Job Summary:
Summary We are seeking three SRE / DevOps Engineers to improve the reliability, observability, and operational Role readiness of business-critical platforms and services supporting the Helix program.
While titled as SRE / DevOps, these roles are heavily operations-oriented and require strong production support, incident response, and Splunk-based monitoring experience.
Key Responsibilities
• Lead complex initiatives to improve the reliability, availability, and operational readiness of business-critical platforms and services.
• Own and support production operations, including implementation support, system health monitoring, and proactive issue identification.
• Play a key role in Incident Management, including triage, coordination, root cause analysis, and driving post-incident remediation.
• Support and participate in Business Continuity Planning activities, including failover readiness, disaster recovery testing, and recovery validation.
• Design, implement, and maintain monitoring, alerting, and observability solutions, with a strong emphasis on Splunk-based logging and dashboards.
• Automate operational workflows to reduce manual effort and improve mean time to detect and mean time to recover.
• Partner with application, platform, and security teams to ensure services are built and deployed with operational excellence and reliability in mind.
• Define and enforce SRE and DevOps standards, including SLIs/SLOs, alert hygiene, runbooks, and on-call best practices.
• Lead and participate in post-incident reviews, ensuring root causes are addressed and preventive actions are implemented.
• Mentor engineers on reliability engineering, incident response, and operational best practices.
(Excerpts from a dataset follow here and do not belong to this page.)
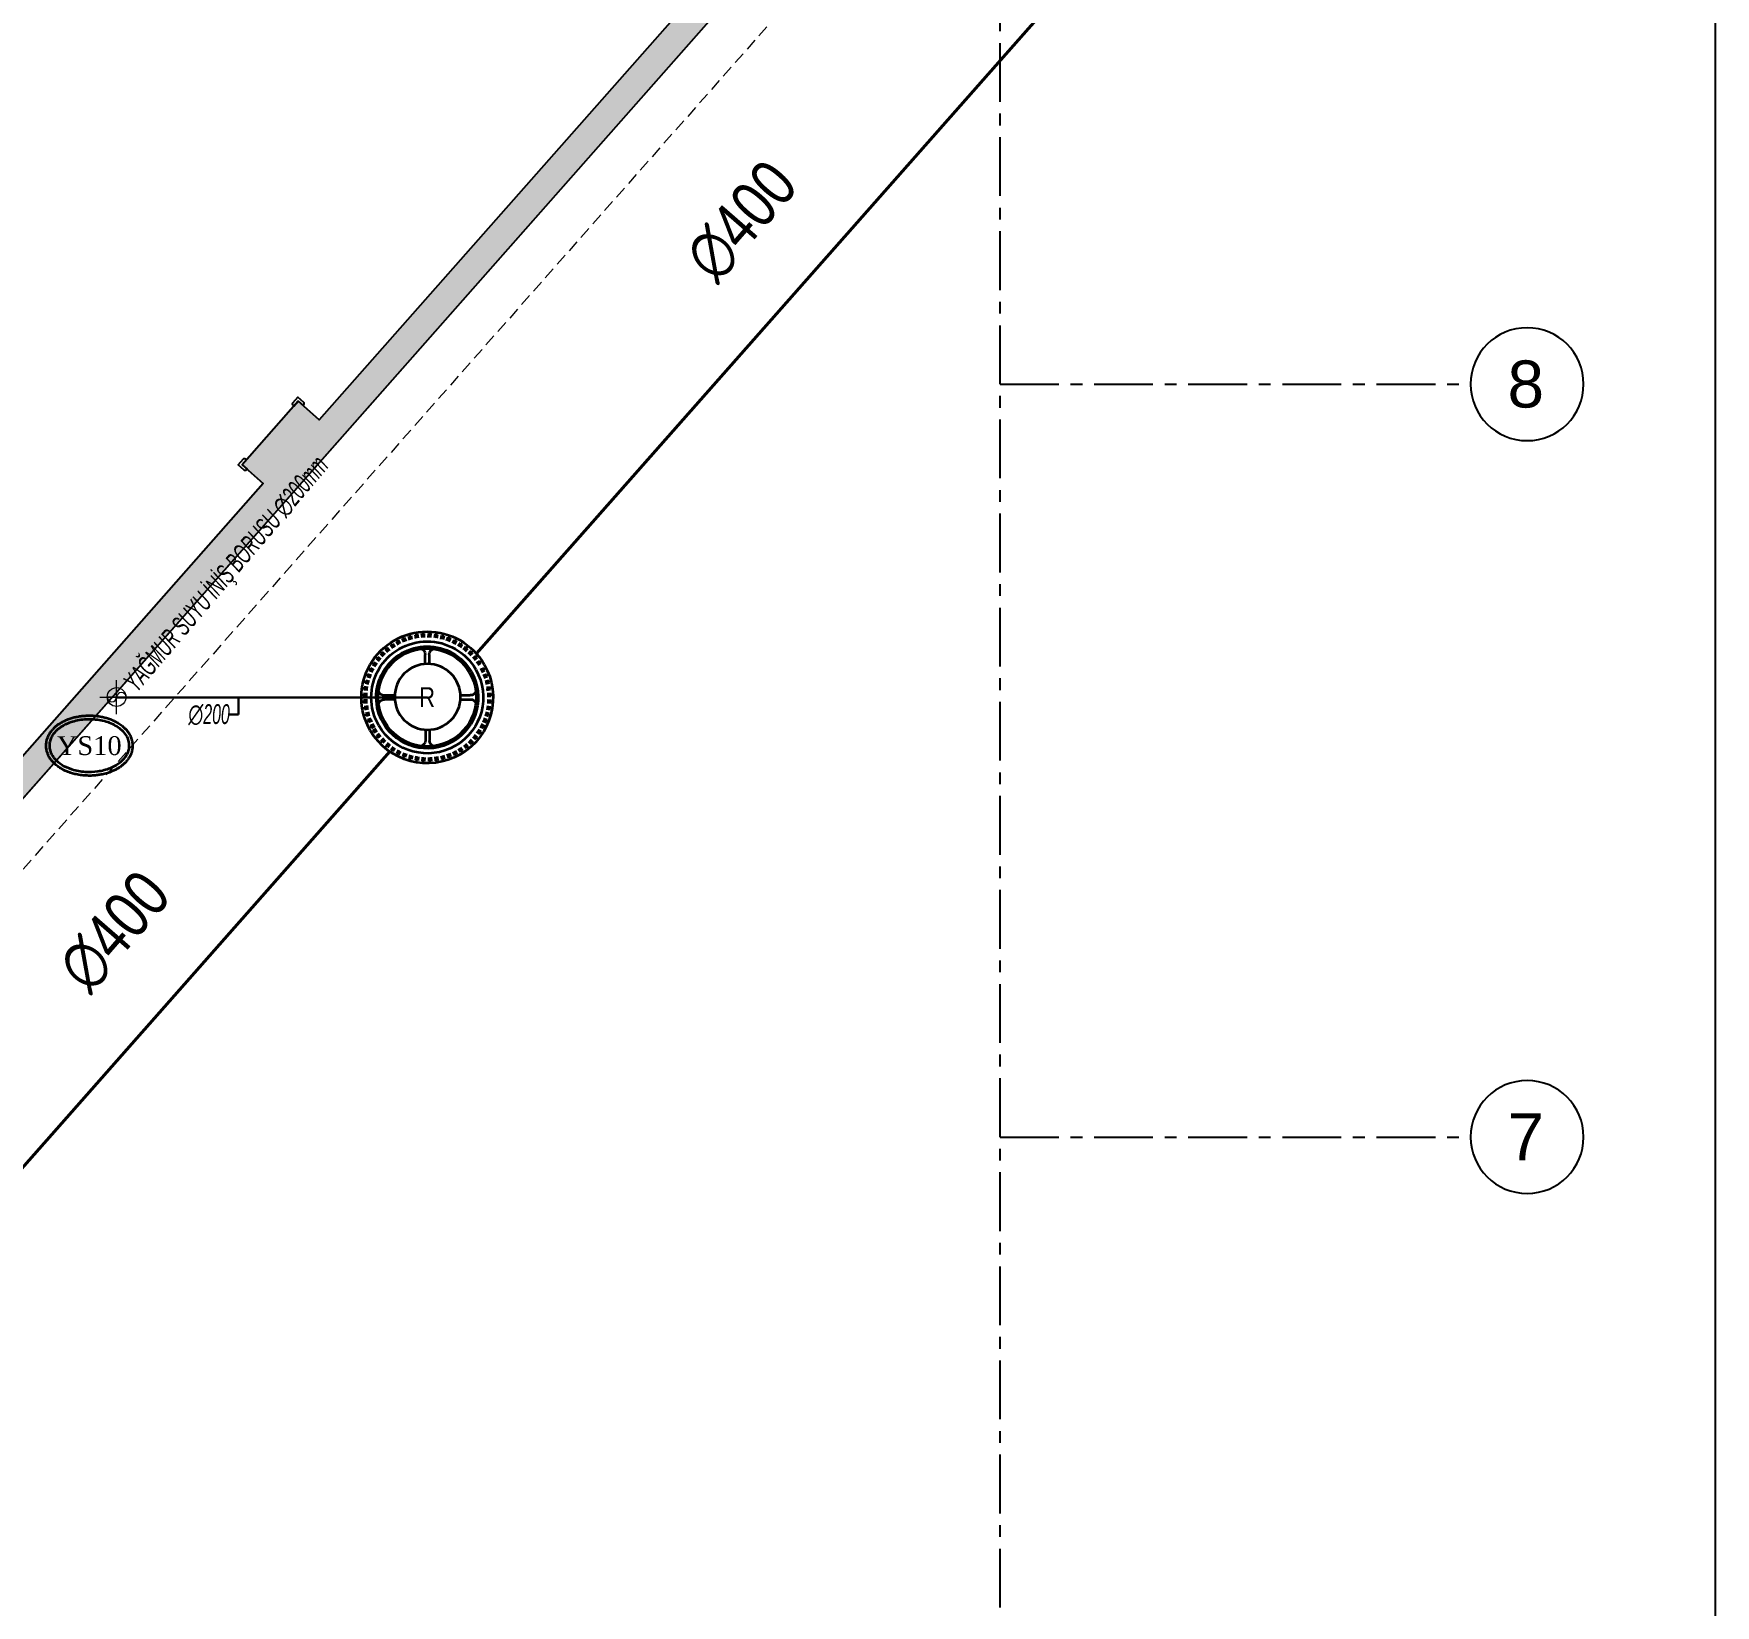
# Model space of a CAD drawing. Header units: millimetres. Extents: x -379292 to 1221486, y 92049 to 447512.
# Drawn here: x 184281 to 202148, y 139842 to 156544 of the extents above; entities that cross this region are included whole.
import ezdxf
from ezdxf.enums import TextEntityAlignment as Align
from ezdxf.lldxf.tags import DXFTag

# ---------------------------------------------------------------- set-up
doc = ezdxf.new("R2010")
doc.units = ezdxf.units.MM
doc.linetypes.add('CENTER', pattern=[2, 1.25, -0.25, 0.25, -0.25])
doc.linetypes.add('HIDDEN', pattern=[9.525, 6.35, -3.175])
for name, color, linetype, lineweight in [('0-KRCN-SHT YAĞMURSUYUBORUSU-100', 3, 'PISSU_LINE50', 35), ('0-KRCN-SHT-KOLADI-YAZIYAĞMURSUYU', 4, 'Continuous', 35), ('0-KRCN-SHT-PİSSU-BORU', 220, 'PISSU_LINE50', 40), ('0-KRCN-SHT-ROGAR', 151, 'Continuous', 35), ('0-KRCN-SHT-YAZI-ÇAP-PİSSU', 41, 'Continuous', 30), ('06_FORMWORK HIDDEN', 252, 'HIDDEN2', 0), ('XREF$0$05_RAIN PIPE', 3, 'Continuous', 9)]:
    doc.layers.add(name, color=color, linetype=linetype, lineweight=lineweight)
for name, color, linetype in [('05_AXIS', 211, 'CENTER'), ('05_AXIS NAME', 7, 'Continuous'), ('05_HATCH CONCRETE', 141, 'Continuous'), ('05_HATCH SOLID-2', 253, 'Continuous'), ('05_SYMBOL', 2, 'Continuous')]:
    doc.layers.add(name, color=color, linetype=linetype)
doc.styles.add('MUF', font='isocpeur.ttf')
doc.styles.add('TROMANT', font='arial.ttf', dxfattribs={"width": 0.8})
doc.styles.add('YAZI', font='times.ttf')
doc.styles.add('YAZI-5', font='arial.ttf', dxfattribs={"height": 5})
doc.styles.add('ÇAP-2', font='ARIALNBI.TTF')
tags = doc.linetypes.add('HIDDEN2', pattern=[0.1875, 0.125, -0.0625]).pattern_tags.tags
tags[6:7] = [DXFTag(74, 4), DXFTag(75, 0), DXFTag(340, '0'), DXFTag(46, 0.0), DXFTag(50, 0.0), DXFTag(44, 0.0), DXFTag(45, 0.0)]
tags[4:5] = [DXFTag(74, 4), DXFTag(75, 0), DXFTag(340, '0'), DXFTag(46, 0.0), DXFTag(50, 0.0), DXFTag(44, 0.0), DXFTag(45, 0.0)]
doc.linetypes.add('PISSU_LINE50', pattern='A,50,-10,["C",MUF,S=10,R=0,X=1,Y=-5],0', length=60)

# ---------------------------------------------------------------- blocks, each defined once
blk = doc.blocks.new('AWAKS ADI')
at = {"layer": '05_AXIS NAME', "color": 2}
blk.add_circle((0, 0), 6, dxfattribs=at)
at = {"layer": '05_AXIS NAME', "style": 'YAZI-5'}
blk.add_attdef('AKSADI', text='', height=5, dxfattribs=at).set_placement((0, 0), align=Align.MIDDLE_CENTER)
blk = doc.blocks.new('202_Aks')
at = {"layer": '05_AXIS', "ltscale": 500}
for p, q in [((137900, -182300), (137900, 5000)), ((137900, -125300), (142900, -125300)), ((137900, -133300), (142900, -133300))]:
    blk.add_line(p, q, dxfattribs=at)
at = {"layer": '05_AXIS NAME'}
ref = blk.add_blockref('AWAKS ADI', (143500, -125300), dxfattribs=dict(at, xscale=-100, yscale=100, zscale=100))
ref.add_attrib('AKSADI', '8', dxfattribs={"height": 500, "style": 'YAZI-5'}).set_placement((143486, -125298), align=Align.MIDDLE_CENTER)
ref = blk.add_blockref('AWAKS ADI', (143500, -133300), dxfattribs=dict(at, xscale=-100, yscale=100, zscale=100))
ref.add_attrib('AKSADI', '7', dxfattribs={"height": 500, "style": 'YAZI-5'}).set_placement((143486, -133298), align=Align.MIDDLE_CENTER)
blk = doc.blocks.new('bariyer')
at = {"color": 8, "ltscale": 25}
blk.add_lwpolyline([(0, -70), (15, -70, 0.414214), (30, -55), (30, 30), (-55, 30, 0.414214), (-70, 15), (-70, 0), (0, 0)], format="xyb", close=True, dxfattribs=at)
blk = doc.blocks.new('OtoParkBodrumKatMimari')
at = {"layer": '05_HATCH CONCRETE'}
h = blk.add_hatch(dxfattribs=at)
h.set_pattern_fill('ANSI33', color=8, scale=15, angle=180, style=0)
h.set_pattern_definition([(225, (905000, -3e-07), (67.351921, -67.351921), []), (225, (904932.65, -3e-07), (67.351921, -67.351921), [47.625, -23.8125])])
h.paths.add_polyline_path([(142600, 59700), (142800, 59700), (139870, 56381), (139645, 56579), (139248, 56130), (139473, 55931), (135668, 51620), (135443, 51819), (134848, 51144), (135073, 50945), (131506, 46904), (131281, 47103), (130884, 46653), (131109, 46455), (127899, 42818), (127674, 43017), (127277, 42567), (127502, 42369), (124481, 38946), (124256, 39145), (123859, 38695), (124084, 38496), (120848, 34830), (120623, 35029), (120028, 34354), (120253, 34155), (117433, 30962), (117209, 31160), (116812, 30710), (117036, 30512), (113992, 27063), (113767, 27262), (113370, 26812), (113595, 26613), (110386, 22977), (110161, 23176), (109764, 22726), (109989, 22527), (106786, 18899), (106561, 19097), (105965, 18422), (106190, 18224), (103361, 15019), (103136, 15217), (102739, 14767), (102964, 14569), (99777, 10958), (99552, 11156), (99155, 10707), (99380, 10508), (96303, 7022), (96078, 7220), (95615, 6696), (95840, 6497), (93887, 4285), (93662, 4484), (93265, 4034), (93490, 3836), (90240, 153), (90240, 300), (89640, 300), (89640, 0), (88400, 0), (88400, 300), (87800, 300), (87800, 0), (80000, 0), (80000, 300), (79400, 300), (79400, 0), (71600, 0), (71600, 300), (71000, 300), (71000, -300), (90240, -300), (143200, 59700), (143200, 67400), (142600, 67400), (142600, 66800), (142900, 66800), (142900, 64150), (142600, 64150), (142600, 63550), (142900, 63550), (142900, 60300), (142600, 60300)])
at = {"color": 5}
blk.add_lwpolyline([(90240, -300), (143200, 59700), (143200, 67400), (142600, 67400), (142600, 66800), (142900, 66800), (142900, 64150), (142600, 64150), (142600, 63550), (142900, 63550), (142900, 60300), (142600, 60300), (142600, 59700), (142800, 59700), (139870, 56381), (139645, 56579), (139248, 56130), (139473, 55931), (135668, 51620), (135443, 51819), (134848, 51144), (135073, 50945), (131506, 46904)], dxfattribs=at)
at = {"layer": '05_HATCH SOLID-2', "color": 251, "ltscale": 25}
blk.add_lwpolyline([(150500, -8770), (150500, 187430), (4700, 187430), (4700, 177600), (135600, 177600), (135600, 144600), (143200, 144600), (143200, 59700), (90240, -300), (70300, -300), (63119, 5881)], dxfattribs=at)
at = {"layer": '06_FORMWORK HIDDEN', "linetype": 'HIDDEN', "ltscale": 20}
blk.add_line((143700, 59511), (90466, -800), dxfattribs=at)
at = {"layer": '05_AXIS'}
blk.add_blockref('202_Aks', (5000, 177300), dxfattribs=at)
at = {"layer": '05_SYMBOL', "color": 8, "rotation": 48.56632516036355}
blk.add_blockref('bariyer', (135443, 51819), dxfattribs=at)
at = {"layer": '05_SYMBOL', "color": 8, "xscale": -1, "rotation": 48.56632529242532}
blk.add_blockref('bariyer', (134848, 51144), dxfattribs=at)
blk = doc.blocks.new('G$CD316F46C')
at = {"layer": '0-KRCN-SHT-ROGAR'}
for p, q in [((-28.6, 36), (-30.5, 38.3)), ((-26.1, 37.9), (-27.8, 40.4)), ((-24.8, 38.7), (-26.4, 41.3)), ((-22, 40.4), (-23.4, 43)), ((-20.6, 41.1), (-22, 43.8)), ((-17.7, 42.4), (-18.9, 45.2)), ((-16.3, 43), (-17.3, 45.8)), ((-13.2, 44), (-14.1, 46.9)), ((-11.7, 44.4), (-12.5, 47.4)), ((-8.6, 45.1), (-9.1, 48.1)), ((-7.1, 45.4), (-7.5, 48.4)), ((-3.9, 45.8), (-4.1, 48.8)), ((-2.3, 45.9), (-2.5, 48.9)), ((0.9, 45.9), (1, 48.9)), ((2.4, 45.8), (2.6, 48.8)), ((5.6, 45.5), (6, 48.5)), ((7.2, 45.3), (7.6, 48.3)), ((10.3, 44.7), (11, 47.6)), ((11.8, 44.3), (12.6, 47.2)), ((14.9, 43.3), (15.9, 46.2)), ((16.3, 42.8), (17.4, 45.6)), ((19.3, 41.5), (20.6, 44.2)), ((20.7, 40.8), (22, 43.5)), ((23.5, 39.2), (25, 41.8)), ((24.8, 38.4), (26.4, 40.9)), ((27.4, 36.6), (29.2, 38.9)), ((-39.1, 24.2), (-41.6, 25.7)), ((-38.2, 25.5), (-40.7, 27.1)), ((-36.4, 28.1), (-38.8, 29.9)), ((-35.4, 29.3), (-37.7, 31.2)), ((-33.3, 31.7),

• Continuously evaluate and improve system performance, resiliency, and operational tooling across the platform lifecycle. Additional Role Context
• These roles are more operations-heavy than a traditional engineering-focused SRE title may suggest.
• Strong Splunk experience is required, including dashboard creation, query development, log investigation, and trace-based troubleshooting across connected systems.
• The team needs people who can navigate issues across integrated systems involved in the Helix VM process, including front-end and infrastructure-connected services.
• The role supports a high-volume change environment, including multiple CR implementations in a single evening and operational coordination across workstreams.
• Candidates should be informed up front that the role may require after-hours deployments, night support, and possible weekend work tied to CRs and future BCP events. CR activity typically begins around 9 PM ET.
• Dallas is the preferred location for these operations resources to support onboarding and collaboration with the existing local team, though strong candidates outside Dallas may still be considered.
• Engagement is expected through the end of the year, based on project demand.